Studio album by Enuff Z'nuff
- Released: February 18, 1997
- Recorded: 1993–1994
- Studio: Chicago Recording Company, Mindscape Studios, Chicago, Groovemaster, Evergreen Park, Illinois
- Genre: Power pop, hard rock
- Length: 61:29
- Label: Mayhem (US) Music for Nations (UK)
- Producer: Chip Z'nuff and Donnie Vie

Enuff Z'nuff chronology
| Peach Fuzz (1996) | Seven (1997) | Paraphernalia (1999) |

Singles from Seven
- "Wheels" Released: 1997;

= Seven (Enuff Z'nuff album) =

Seven is the 7th studio album by American rock band Enuff Z'Nuff, which was originally released in Japan as Brothers under the band name Chip & Donnie in 1994. Seven was initially intended to form one half of a double-album for the Japanese market, paired with the record that would eventually become the album Tweaked. The sessions were split into two separate discs, with the pop sounding Brothers album getting re-branded as an Enuff Z'nuff album in 1997 for its US release. As well as the re-titling and new artwork, Seven contains two bonus tracks not available on the original Brothers CD.

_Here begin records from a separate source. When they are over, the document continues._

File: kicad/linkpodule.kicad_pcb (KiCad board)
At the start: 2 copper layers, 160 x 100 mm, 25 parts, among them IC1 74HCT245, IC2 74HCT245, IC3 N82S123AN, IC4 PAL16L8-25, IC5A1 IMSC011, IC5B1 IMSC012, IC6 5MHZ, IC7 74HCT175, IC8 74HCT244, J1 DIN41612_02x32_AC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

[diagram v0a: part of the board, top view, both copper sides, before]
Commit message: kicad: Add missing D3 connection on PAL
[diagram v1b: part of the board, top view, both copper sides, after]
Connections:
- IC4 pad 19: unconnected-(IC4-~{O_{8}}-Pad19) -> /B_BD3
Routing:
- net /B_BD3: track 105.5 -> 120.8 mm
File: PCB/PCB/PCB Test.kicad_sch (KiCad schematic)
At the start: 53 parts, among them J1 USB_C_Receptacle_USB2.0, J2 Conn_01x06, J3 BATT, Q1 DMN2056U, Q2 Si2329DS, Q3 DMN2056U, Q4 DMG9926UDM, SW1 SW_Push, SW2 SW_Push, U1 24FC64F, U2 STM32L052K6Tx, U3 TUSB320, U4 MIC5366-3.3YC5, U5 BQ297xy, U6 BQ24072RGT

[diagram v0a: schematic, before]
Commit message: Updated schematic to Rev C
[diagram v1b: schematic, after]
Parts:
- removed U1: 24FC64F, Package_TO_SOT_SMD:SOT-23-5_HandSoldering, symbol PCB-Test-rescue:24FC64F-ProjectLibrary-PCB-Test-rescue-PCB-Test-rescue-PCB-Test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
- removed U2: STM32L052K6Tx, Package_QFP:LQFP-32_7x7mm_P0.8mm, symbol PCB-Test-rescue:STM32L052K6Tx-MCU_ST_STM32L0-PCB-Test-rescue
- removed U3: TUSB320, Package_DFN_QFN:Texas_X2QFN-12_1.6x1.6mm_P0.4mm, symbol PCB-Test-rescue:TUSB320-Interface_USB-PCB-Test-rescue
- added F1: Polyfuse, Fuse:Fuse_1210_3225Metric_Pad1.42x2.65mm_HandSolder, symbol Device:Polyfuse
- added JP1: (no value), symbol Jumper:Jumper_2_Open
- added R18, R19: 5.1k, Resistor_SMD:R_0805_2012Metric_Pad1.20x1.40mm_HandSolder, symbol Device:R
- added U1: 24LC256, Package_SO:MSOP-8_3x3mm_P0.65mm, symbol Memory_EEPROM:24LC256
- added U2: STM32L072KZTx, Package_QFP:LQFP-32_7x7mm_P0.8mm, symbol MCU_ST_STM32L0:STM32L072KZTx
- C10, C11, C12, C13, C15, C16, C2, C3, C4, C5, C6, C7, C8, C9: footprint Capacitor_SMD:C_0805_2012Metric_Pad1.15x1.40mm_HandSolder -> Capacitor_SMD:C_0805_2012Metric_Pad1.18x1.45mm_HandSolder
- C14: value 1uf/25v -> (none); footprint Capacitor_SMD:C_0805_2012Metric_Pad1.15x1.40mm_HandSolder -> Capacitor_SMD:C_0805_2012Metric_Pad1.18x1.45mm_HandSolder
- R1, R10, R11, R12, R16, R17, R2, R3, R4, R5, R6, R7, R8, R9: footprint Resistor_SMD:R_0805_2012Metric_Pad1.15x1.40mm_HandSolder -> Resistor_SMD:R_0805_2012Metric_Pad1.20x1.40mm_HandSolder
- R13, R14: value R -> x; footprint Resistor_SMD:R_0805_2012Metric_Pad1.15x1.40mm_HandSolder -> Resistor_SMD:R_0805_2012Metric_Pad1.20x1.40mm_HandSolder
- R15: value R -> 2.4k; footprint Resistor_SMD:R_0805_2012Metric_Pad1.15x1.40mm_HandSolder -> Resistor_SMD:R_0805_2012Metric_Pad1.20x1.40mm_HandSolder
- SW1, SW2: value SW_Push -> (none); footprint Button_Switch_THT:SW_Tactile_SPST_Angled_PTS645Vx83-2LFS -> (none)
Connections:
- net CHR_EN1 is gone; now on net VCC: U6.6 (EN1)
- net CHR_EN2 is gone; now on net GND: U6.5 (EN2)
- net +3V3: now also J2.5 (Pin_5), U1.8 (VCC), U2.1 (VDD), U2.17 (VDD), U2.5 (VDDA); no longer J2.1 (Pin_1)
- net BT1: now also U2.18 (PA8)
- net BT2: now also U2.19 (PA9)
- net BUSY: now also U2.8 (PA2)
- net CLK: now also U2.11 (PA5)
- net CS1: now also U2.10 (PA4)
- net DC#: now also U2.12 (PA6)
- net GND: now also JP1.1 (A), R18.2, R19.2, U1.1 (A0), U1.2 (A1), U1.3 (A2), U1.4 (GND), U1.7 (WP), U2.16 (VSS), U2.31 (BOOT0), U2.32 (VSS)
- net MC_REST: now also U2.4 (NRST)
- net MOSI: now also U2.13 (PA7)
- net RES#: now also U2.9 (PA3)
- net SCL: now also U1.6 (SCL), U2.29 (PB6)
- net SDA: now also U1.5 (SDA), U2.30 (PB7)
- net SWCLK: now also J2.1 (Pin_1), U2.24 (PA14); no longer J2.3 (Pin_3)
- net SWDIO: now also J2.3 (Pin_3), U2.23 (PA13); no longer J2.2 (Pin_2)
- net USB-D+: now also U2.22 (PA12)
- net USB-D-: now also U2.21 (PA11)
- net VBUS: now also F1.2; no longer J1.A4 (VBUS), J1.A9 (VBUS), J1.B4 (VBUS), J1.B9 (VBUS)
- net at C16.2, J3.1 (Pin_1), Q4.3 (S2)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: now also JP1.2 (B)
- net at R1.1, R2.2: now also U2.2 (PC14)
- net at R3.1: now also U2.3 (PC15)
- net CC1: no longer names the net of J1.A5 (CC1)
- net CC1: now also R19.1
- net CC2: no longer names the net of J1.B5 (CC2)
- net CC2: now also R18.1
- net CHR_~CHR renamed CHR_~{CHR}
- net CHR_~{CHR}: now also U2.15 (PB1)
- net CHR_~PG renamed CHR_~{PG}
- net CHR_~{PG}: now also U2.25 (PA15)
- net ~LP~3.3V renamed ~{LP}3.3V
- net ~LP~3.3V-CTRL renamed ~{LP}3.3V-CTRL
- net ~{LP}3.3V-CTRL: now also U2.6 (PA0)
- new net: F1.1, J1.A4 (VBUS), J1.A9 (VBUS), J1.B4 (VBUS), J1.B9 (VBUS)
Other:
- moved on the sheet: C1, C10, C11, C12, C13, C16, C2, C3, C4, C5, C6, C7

On Seven, the band adopted a more acoustic sound compared to Tweaked, which may be seen as its heavier counterpart. Several tracks on the album are also significant to the band's history:

"Down Hill" is thought by lead singer Donnie Vie to possibly contain late guitarist Derek Frigo's last studio recorded solo with the band. "You and I" was played by Donnie Vie at bassist Chip Z’nuff's wedding reception. "It’s No Good," an acoustic concert staple, was later re-recorded by and featured on Donnie Vie's solo album, Extra Strength. Other notable tracks are the lead single "Wheels," which was covered in 1998 by Arista recording artists The Tuesdays and the John Lennon cover "Jealous Guy". Liner notes for the album were written by Rolling Stone editor, David Wild.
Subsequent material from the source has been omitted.